2. Alexion Pharmaceuticals (NASDAQ:ALXN)
Alexion Pharmaceuticals throws diversity out the window; its only FDA-approved drug is Soliris, a treatment for paroxysmal nocturnal hemoglobinuria, or PNH, a rare blood disorder that leads to the destruction of a patient's red blood cells, and atypical hemolytic uremic syndrome, or aHUS, a genetic deficiency that leads to progressive damage to vital organs and can lead to stroke, heart attack, kidney failure, or death.
Estimates for PNH range from as low as 10,000 to as many as 21,000 patients across North America and Europe. Within the U.S., there are roughly 5,000 cases. Atypical hemolytic uremic syndrome is even rarer, with approximately 300 cases in the U.S.
Because of the rarity of the diseases it treats, Soliris carries with it the highest price tag in the world, at an annual cost of more than $536,000. Alexion is also researching even more label possibilities for Soliris, including antibody-mediated rejection, delayed graft function, relapsing neuromyelitis optica, and refractory myasthenia gravis.

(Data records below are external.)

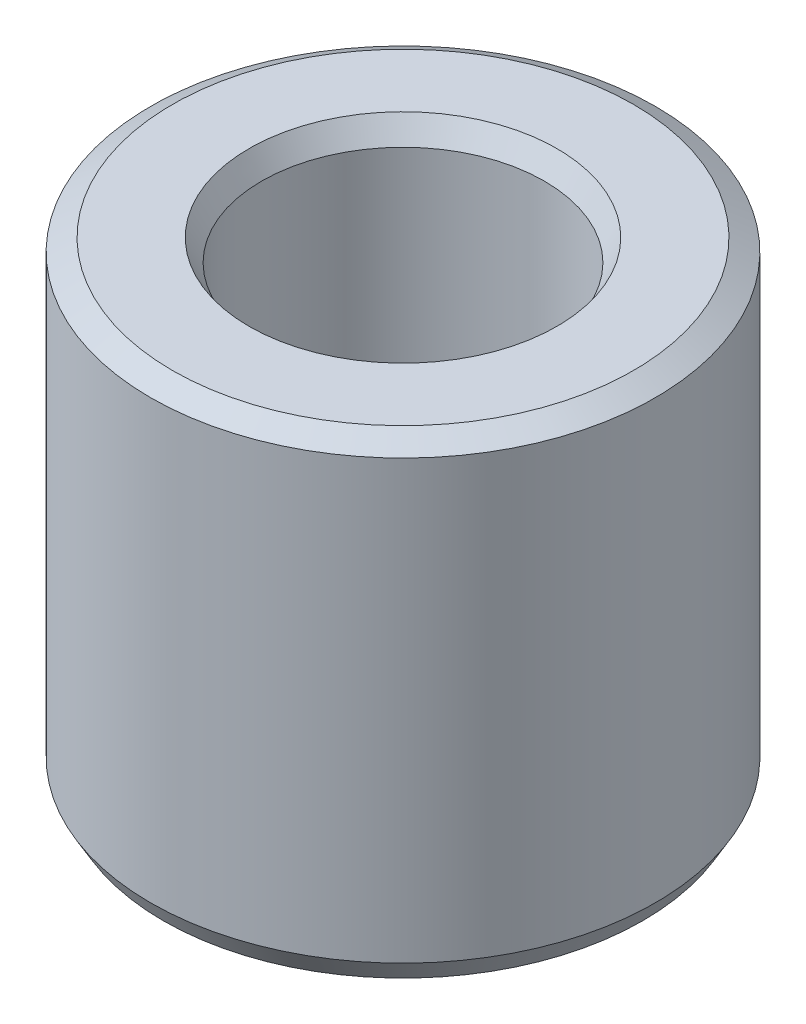
ISO-10303-21;
HEADER;
FILE_DESCRIPTION(('STEP AP214'),'2;1');
FILE_NAME('part.step','',(''),(''),'','','');
FILE_SCHEMA(('AUTOMOTIVE_DESIGN { 1 0 10303 214 1 1 1 1 }'));
ENDSEC;
DATA;
#1=APPLICATION_CONTEXT('core data for automotive mechanical design processes');
#2=APPLICATION_PROTOCOL_DEFINITION('international standard','automotive_design',2000,#1);
#3=PRODUCT_CONTEXT('',#1,'mechanical');
#4=PRODUCT('Part','Part','',(#3));
#5=PRODUCT_RELATED_PRODUCT_CATEGORY('part','',(#4));
#6=PRODUCT_DEFINITION_FORMATION('','',#4);
#7=PRODUCT_DEFINITION_CONTEXT('part definition',#1,'design');
#8=PRODUCT_DEFINITION('design','',#6,#7);
#9=PRODUCT_DEFINITION_SHAPE('','',#8);
#10=(LENGTH_UNIT() NAMED_UNIT(*) SI_UNIT(.MILLI.,.METRE.));
#11=(NAMED_UNIT(*) PLANE_ANGLE_UNIT() SI_UNIT($,.RADIAN.));
#12=(NAMED_UNIT(*) SI_UNIT($,.STERADIAN.) SOLID_ANGLE_UNIT());
#13=UNCERTAINTY_MEASURE_WITH_UNIT(LENGTH_MEASURE(1.E-05),#10,'distance_accuracy_value','');
#14=(GEOMETRIC_REPRESENTATION_CONTEXT(3) GLOBAL_UNCERTAINTY_ASSIGNED_CONTEXT((#13)) GLOBAL_UNIT_ASSIGNED_CONTEXT((#10,
#11,#12)) REPRESENTATION_CONTEXT('',''));
#15=CARTESIAN_POINT('',(0.,0.,0.));
#16=DIRECTION('',(0.,0.,1.));
#17=DIRECTION('',(1.,0.,0.));
#18=AXIS2_PLACEMENT_3D('',#15,#16,#17);
#19=CARTESIAN_POINT('',(0.,14.0250070746679,0.));
#20=DIRECTION('',(0.,-1.,0.));
#21=DIRECTION('',(0.,0.,-1.));
#22=AXIS2_PLACEMENT_3D('',#19,#20,#21);
#23=CYLINDRICAL_SURFACE('',#22,7.5);
#24=CARTESIAN_POINT('',(0.,0.649293109953526,0.));
#25=DIRECTION('',(0.,1.,0.));
#26=DIRECTION('',(0.,0.,1.));
#27=AXIS2_PLACEMENT_3D('',#24,#25,#26);
#28=CIRCLE('',#27,7.5);
#29=CARTESIAN_POINT('',(0.,0.649293109953526,7.5));
#30=VERTEX_POINT('',#29);
#31=EDGE_CURVE('E10',#30,#30,#28,.T.);
#32=ORIENTED_EDGE('',*,*,#31,.T.);
#33=EDGE_LOOP('',(#32));
#34=FACE_BOUND('',#33,.T.);
#35=CARTESIAN_POINT('',(0.,13.6501375228532,0.));
#36=DIRECTION('',(0.,1.,0.));
#37=DIRECTION('',(0.,0.,1.));
#38=AXIS2_PLACEMENT_3D('',#35,#36,#37);
#39=CIRCLE('',#38,7.5);
#40=CARTESIAN_POINT('',(0.,13.6501375228532,7.5));
#41=VERTEX_POINT('',#40);
#42=EDGE_CURVE('E50',#41,#41,#39,.F.);
#43=ORIENTED_EDGE('',*,*,#42,.T.);
#44=EDGE_LOOP('',(#43));
#45=FACE_BOUND('',#44,.T.);
#46=ADVANCED_FACE('F39',(#34,#45),#23,.T.);
#47=CARTESIAN_POINT('',(0.,14.0250070746679,0.));
#48=DIRECTION('',(0.,1.,0.));
#49=DIRECTION('',(0.,0.,1.));
#50=AXIS2_PLACEMENT_3D('',#47,#48,#49);
#51=PLANE('',#50);
#52=CARTESIAN_POINT('',(0.,14.0250070746679,0.));
#53=DIRECTION('',(0.,1.,0.));
#54=DIRECTION('',(0.,0.,1.));
#55=AXIS2_PLACEMENT_3D('',#52,#53,#54);
#56=CIRCLE('',#55,4.57639489546847);
#57=CARTESIAN_POINT('',(0.,14.0250070746679,4.57639489546847));
#58=VERTEX_POINT('',#57);
#59=EDGE_CURVE('E58',#58,#58,#56,.F.);
#60=ORIENTED_EDGE('',*,*,#59,.T.);
#61=EDGE_LOOP('',(#60));
#62=FACE_BOUND('',#61,.T.);
#63=CARTESIAN_POINT('',(0.,14.0250070746679,0.));
#64=DIRECTION('',(0.,1.,0.));
#65=DIRECTION('',(0.,0.,1.));
#66=AXIS2_PLACEMENT_3D('',#63,#64,#65);
#67=CIRCLE('',#66,6.85070689004649);
#68=CARTESIAN_POINT('',(0.,14.0250070746679,6.85070689004649));
#69=VERTEX_POINT('',#68);
#70=EDGE_CURVE('E61',#69,#69,#67,.T.);
#71=ORIENTED_EDGE('',*,*,#70,.T.);
#72=EDGE_LOOP('',(#71));
#73=FACE_BOUND('',#72,.T.);
#74=ADVANCED_FACE('F88',(#62,#73),#51,.T.);
#75=CARTESIAN_POINT('',(0.,0.,0.));
#76=DIRECTION('',(0.,1.,0.));
#77=DIRECTION('',(0.,0.,1.));
#78=AXIS2_PLACEMENT_3D('',#75,#76,#77);
#79=PLANE('',#78);
#80=CARTESIAN_POINT('',(0.,0.,0.));
#81=DIRECTION('',(0.,1.,0.));
#82=DIRECTION('',(0.,0.,1.));
#83=AXIS2_PLACEMENT_3D('',#80,#81,#82);
#84=CIRCLE('',#83,4.85081845360735);
#85=CARTESIAN_POINT('',(0.,0.,-4.85081845360735));
#86=VERTEX_POINT('',#85);
#87=EDGE_CURVE('E51',#86,#86,#84,.T.);
#88=ORIENTED_EDGE('',*,*,#87,.T.);
#89=EDGE_LOOP('',(#88));
#90=FACE_BOUND('',#89,.T.);
#91=CARTESIAN_POINT('',(0.,0.,0.));
#92=DIRECTION('',(0.,1.,0.));
#93=DIRECTION('',(0.,0.,1.));
#94=AXIS2_PLACEMENT_3D('',#91,#92,#93);
#95=CIRCLE('',#94,7.12513044818536);
#96=CARTESIAN_POINT('',(0.,0.,7.12513044818536));
#97=VERTEX_POINT('',#96);
#98=EDGE_CURVE('E54',#97,#97,#95,.F.);
#99=ORIENTED_EDGE('',*,*,#98,.T.);
#100=EDGE_LOOP('',(#99));
#101=FACE_BOUND('',#100,.T.);
#102=ADVANCED_FACE('F83',(#90,#101),#79,.F.);
#103=CARTESIAN_POINT('',(0.,14.0250070746679,0.));
#104=DIRECTION('',(0.,-1.,0.));
#105=DIRECTION('',(0.,0.,-1.));
#106=AXIS2_PLACEMENT_3D('',#103,#104,#105);
#107=CYLINDRICAL_SURFACE('',#106,4.20152534365384);
#108=CARTESIAN_POINT('',(0.,13.3757139647144,0.));
#109=DIRECTION('',(0.,1.,0.));
#110=DIRECTION('',(0.,0.,1.));
#111=AXIS2_PLACEMENT_3D('',#108,#109,#110);
#112=CIRCLE('',#111,4.20152534365384);
#113=CARTESIAN_POINT('',(0.,13.3757139647144,4.20152534365384));
#114=VERTEX_POINT('',#113);
#115=EDGE_CURVE('E67',#114,#114,#112,.T.);
#116=ORIENTED_EDGE('',*,*,#115,.T.);
#117=EDGE_LOOP('',(#116));
#118=FACE_BOUND('',#117,.T.);
#119=CARTESIAN_POINT('',(0.,0.374869551814634,0.));
#120=DIRECTION('',(0.,1.,0.));
#121=DIRECTION('',(0.,0.,1.));
#122=AXIS2_PLACEMENT_3D('',#119,#120,#121);
#123=CIRCLE('',#122,4.20152534365384);
#124=CARTESIAN_POINT('',(0.,0.374869551814634,-4.20152534365384));
#125=VERTEX_POINT('',#124);
#126=EDGE_CURVE('E69',#125,#125,#123,.F.);
#127=ORIENTED_EDGE('',*,*,#126,.T.);
#128=EDGE_LOOP('',(#127));
#129=FACE_BOUND('',#128,.T.);
#130=ADVANCED_FACE('F71',(#118,#129),#107,.F.);
#131=CARTESIAN_POINT('',(0.,13.3757139647144,0.));
#132=DIRECTION('',(0.,1.,0.));
#133=DIRECTION('',(0.,0.,1.));
#134=AXIS2_PLACEMENT_3D('',#131,#132,#133);
#135=CONICAL_SURFACE('',#134,4.20152534365384,0.523598775598304);
#136=ORIENTED_EDGE('',*,*,#59,.F.);
#137=EDGE_LOOP('',(#136));
#138=FACE_BOUND('',#137,.T.);
#139=ORIENTED_EDGE('',*,*,#115,.F.);
#140=EDGE_LOOP('',(#139));
#141=FACE_BOUND('',#140,.T.);
#142=ADVANCED_FACE('F77',(#138,#141),#135,.F.);
#143=CARTESIAN_POINT('',(0.,0.,0.));
#144=DIRECTION('',(0.,-1.,0.));
#145=DIRECTION('',(0.,0.,-1.));
#146=AXIS2_PLACEMENT_3D('',#143,#144,#145);
#147=CONICAL_SURFACE('',#146,4.85081845360735,1.04719755119659);
#148=CARTESIAN_POINT('',(0.,0.374869551814634,-4.20152534365384));
#149=CARTESIAN_POINT('',(0.,0.370964660649898,-4.20828881354919));
#150=CARTESIAN_POINT('',(0.,0.367059769485162,-4.21505228344454));
#151=CARTESIAN_POINT('',(0.,0.359249987155691,-4.22857922323524));
#152=CARTESIAN_POINT('',(0.,0.355345095990955,-4.23534269313059));
#153=CARTESIAN_POINT('',(0.,0.347535313661483,-4.24886963292128));
#154=CARTESIAN_POINT('',(0.,0.343630422496748,-4.25563310281663));
#155=CARTESIAN_POINT('',(0.,0.335820640167276,-4.26916004260733));
#156=CARTESIAN_POINT('',(0.,0.33191574900254,-4.27592351250268));
#157=CARTESIAN_POINT('',(0.,0.324105966673069,-4.28945045229338));
#158=CARTESIAN_POINT('',(0.,0.320201075508333,-4.29621392218873));
#159=CARTESIAN_POINT('',(0.,0.312391293178861,-4.30974086197943));
#160=CARTESIAN_POINT('',(0.,0.308486402014126,-4.31650433187477));
#161=CARTESIAN_POINT('',(0.,0.300676619684654,-4.33003127166547));
#162=CARTESIAN_POINT('',(0.,0.296771728519918,-4.33679474156082));
#163=CARTESIAN_POINT('',(0.,0.288961946190447,-4.35032168135152));
#164=CARTESIAN_POINT('',(0.,0.285057055025711,-4.35708515124687));
#165=CARTESIAN_POINT('',(0.,0.27724727269624,-4.37061209103757));
#166=CARTESIAN_POINT('',(0.,0.273342381531504,-4.37737556093292));
#167=CARTESIAN_POINT('',(0.,0.265532599202032,-4.39090250072362));
#168=CARTESIAN_POINT('',(0.,0.261627708037296,-4.39766597061896));
#169=CARTESIAN_POINT('',(0.,0.253817925707825,-4.41119291040966));
#170=CARTESIAN_POINT('',(0.,0.249913034543089,-4.41795638030501));
#171=CARTESIAN_POINT('',(0.,0.242103252213618,-4.43148332009571));
#172=CARTESIAN_POINT('',(0.,0.238198361048882,-4.43824678999106));
#173=CARTESIAN_POINT('',(0.,0.23038857871941,-4.45177372978176));
#174=CARTESIAN_POINT('',(0.,0.226483687554675,-4.45853719967711));
#175=CARTESIAN_POINT('',(0.,0.218673905225203,-4.4720641394678));
#176=CARTESIAN_POINT('',(0.,0.214769014060467,-4.47882760936315));
#177=CARTESIAN_POINT('',(0.,0.206959231730996,-4.49235454915385));
#178=CARTESIAN_POINT('',(0.,0.20305434056626,-4.4991180190492));
#179=CARTESIAN_POINT('',(0.,0.195244558236788,-4.5126449588399));
#180=CARTESIAN_POINT('',(0.,0.191339667072053,-4.51940842873525));
#181=CARTESIAN_POINT('',(0.,0.183529884742581,-4.53293536852595));
#182=CARTESIAN_POINT('',(0.,0.179624993577845,-4.53969883842129));
#183=CARTESIAN_POINT('',(0.,0.171815211248374,-4.55322577821199));
#184=CARTESIAN_POINT('',(0.,0.167910320083638,-4.55998924810734));
#185=CARTESIAN_POINT('',(0.,0.160100537754166,-4.57351618789804));
#186=CARTESIAN_POINT('',(0.,0.156195646589431,-4.58027965779339));
#187=CARTESIAN_POINT('',(0.,0.148385864259959,-4.59380659758409));
#188=CARTESIAN_POINT('',(0.,0.144480973095223,-4.60057006747944));
#189=CARTESIAN_POINT('',(0.,0.136671190765752,-4.61409700727013));
#190=CARTESIAN_POINT('',(0.,0.132766299601016,-4.62086047716548));
#191=CARTESIAN_POINT('',(0.,0.124956517271545,-4.63438741695618));
#192=CARTESIAN_POINT('',(0.,0.121051626106809,-4.64115088685153));
#193=CARTESIAN_POINT('',(0.,0.113241843777337,-4.65467782664223));
#194=CARTESIAN_POINT('',(0.,0.109336952612602,-4.66144129653758));
#195=CARTESIAN_POINT('',(0.,0.10152717028313,-4.67496823632828));
#196=CARTESIAN_POINT('',(0.,0.0976222791183942,-4.68173170622363));
#197=CARTESIAN_POINT('',(0.,0.0898124967889227,-4.69525864601432));
#198=CARTESIAN_POINT('',(0.,0.0859076056241869,-4.70202211590967));
#199=CARTESIAN_POINT('',(0.,0.0780978232947154,-4.71554905570037));
#200=CARTESIAN_POINT('',(0.,0.0741929321299796,-4.72231252559572));
#201=CARTESIAN_POINT('',(0.,0.0663831498005081,-4.73583946538642));
#202=CARTESIAN_POINT('',(0.,0.0624782586357723,-4.74260293528177));
#203=CARTESIAN_POINT('',(0.,0.0546684763063008,-4.75612987507247));
#204=CARTESIAN_POINT('',(0.,0.050763585141565,-4.76289334496781));
#205=CARTESIAN_POINT('',(0.,0.0429538028120934,-4.77642028475851));
#206=CARTESIAN_POINT('',(0.,0.0390489116473577,-4.78318375465386));
#207=CARTESIAN_POINT('',(0.,0.0312391293178861,-4.79671069444456));
#208=CARTESIAN_POINT('',(0.,0.0273342381531504,-4.80347416433991));
#209=CARTESIAN_POINT('',(0.,0.0195244558236788,-4.81700110413061));
#210=CARTESIAN_POINT('',(0.,0.0156195646589431,-4.82376457402596));
#211=CARTESIAN_POINT('',(0.,0.00780978232947154,-4.83729151381665));
#212=CARTESIAN_POINT('',(0.,0.00390489116473576,-4.844054983712));
#213=CARTESIAN_POINT('',(0.,0.,-4.85081845360735));
#214=B_SPLINE_CURVE_WITH_KNOTS('',3,(#148,#149,#150,#151,#152,#153,#154,#155,#156,#157,#158,
#159,#160,#161,#162,#163,#164,#165,#166,#167,#168,#169,#170,#171,#172,#173,#174,#175,#176,#177,
#178,#179,#180,#181,#182,#183,#184,#185,#186,#187,#188,#189,#190,#191,#192,#193,#194,#195,#196,
#197,#198,#199,#200,#201,#202,#203,#204,#205,#206,#207,#208,#209,#210,#211,#212,#213),
.UNSPECIFIED.,.F.,.F.,(4,2,2,2,2,2,2,2,2,2,2,2,2,2,2,2,2,2,2,2,2,2,2,2,2,2,2,2,2,2,2,2,4),(0.,
0.0234293469884145,0.0468586939768289,0.0702880409652434,0.0937173879536578,0.117146734942072,
0.140576081930487,0.164005428918901,0.187434775907316,0.21086412289573,0.234293469884145,
0.257722816872559,0.281152163860973,0.304581510849388,0.328010857837802,0.351440204826217,
0.374869551814631,0.398298898803046,0.421728245791459,0.445157592779874,0.468586939768288,
0.492016286756703,0.515445633745117,0.538874980733532,0.562304327721946,0.585733674710361,
0.609163021698775,0.63259236868719,0.656021715675604,0.679451062664019,0.702880409652433,
0.726309756640848,0.749739103629262),.UNSPECIFIED.);
#215=EDGE_CURVE('BSEAM73',#125,#86,#214,.T.);
#216=ORIENTED_EDGE('',*,*,#126,.F.);
#217=ORIENTED_EDGE('',*,*,#87,.F.);
#218=ORIENTED_EDGE('',*,*,#215,.T.);
#219=ORIENTED_EDGE('',*,*,#215,.F.);
#220=EDGE_LOOP('',(#216,#218,#217,#219));
#221=FACE_BOUND('',#220,.T.);
#222=ADVANCED_FACE('F73',(#221),#147,.F.);
#223=CARTESIAN_POINT('',(0.,0.649293109953526,0.));
#224=DIRECTION('',(0.,1.,0.));
#225=DIRECTION('',(0.,0.,1.));
#226=AXIS2_PLACEMENT_3D('',#223,#224,#225);
#227=CONICAL_SURFACE('',#226,7.5,0.523598775598301);
#228=ORIENTED_EDGE('',*,*,#98,.F.);
#229=EDGE_LOOP('',(#228));
#230=FACE_BOUND('',#229,.T.);
#231=ORIENTED_EDGE('',*,*,#31,.F.);
#232=EDGE_LOOP('',(#231));
#233=FACE_BOUND('',#232,.T.);
#234=ADVANCED_FACE('F76',(#230,#233),#227,.T.);
#235=CARTESIAN_POINT('',(0.,14.0250070746679,0.));
#236=DIRECTION('',(0.,-1.,0.));
#237=DIRECTION('',(0.,0.,-1.));
#238=AXIS2_PLACEMENT_3D('',#235,#236,#237);
#239=CONICAL_SURFACE('',#238,6.85070689004649,1.04719755119659);
#240=ORIENTED_EDGE('',*,*,#42,.F.);
#241=EDGE_LOOP('',(#240));
#242=FACE_BOUND('',#241,.T.);
#243=ORIENTED_EDGE('',*,*,#70,.F.);
#244=EDGE_LOOP('',(#243));
#245=FACE_BOUND('',#244,.T.);
#246=ADVANCED_FACE('F45',(#242,#245),#239,.T.);
#247=CLOSED_SHELL('',(#46,#74,#102,#130,#142,#222,#234,#246));
#248=MANIFOLD_SOLID_BREP('B2',#247);
#249=ADVANCED_BREP_SHAPE_REPRESENTATION('',(#18,#248),#14);
#250=SHAPE_DEFINITION_REPRESENTATION(#9,#249);
ENDSEC;
END-ISO-10303-21;

The good news for investors is that unlike BioMarin, Alexion is healthfully profitable. Alexion is on pace to grow sales by 22% in 2015 to $2.7 billion and could deliver $6 in EPS as well. In terms of profitable rare disease drug developers, it's the cream of the crop.
3. Synageva BioPharma (UNKNOWN:GEVA.DL)
With regard to wholly clinical-stage ultra-rare disease drug developers, there may be no better example than Synageva BioPharma.
The company's most advanced pipeline product is sebelipase alfa, a breakthrough therapy designated drug designed to treat lysosomal acid lipase enzyme deficiency, which can lead to fatty material buildup in blood vessels and other organs, resulting in significant morbidity and mortality in infants and children. Currently there are no drugs dedicated to treating LAL deficiency, a disease that's prevalent in about one in every 528,000 births. Synageva's ARISE study showed that sebelipase alfa met its primary endpoint of "normalization of alanine aminotransferase (ALT), a marker of liver injury." The drug also led to improvement in a handful of secondary endpoints.
On top of five in-house preclinical programs, Synageva is also running a phase 1/2 study of SBC-103 as a treatment for Sanfilippo B syndrome. This disease is marked by the lack of a specific enzyme that leads to a buildup of heparan sulfates in the brain and other organs, causing cognitive decline and premature death. It's present in about one in every 70,000 births.
Synageva likely carries the most risk of these three as it doesn't have a single approved product as of yet and will carry losses nearly to the end of the decade. However, if ultra-rare disease research continues to pan out, then Synageva could wind up being a buyout candidate for a large pharmaceutical company looking for a safe revenue stream.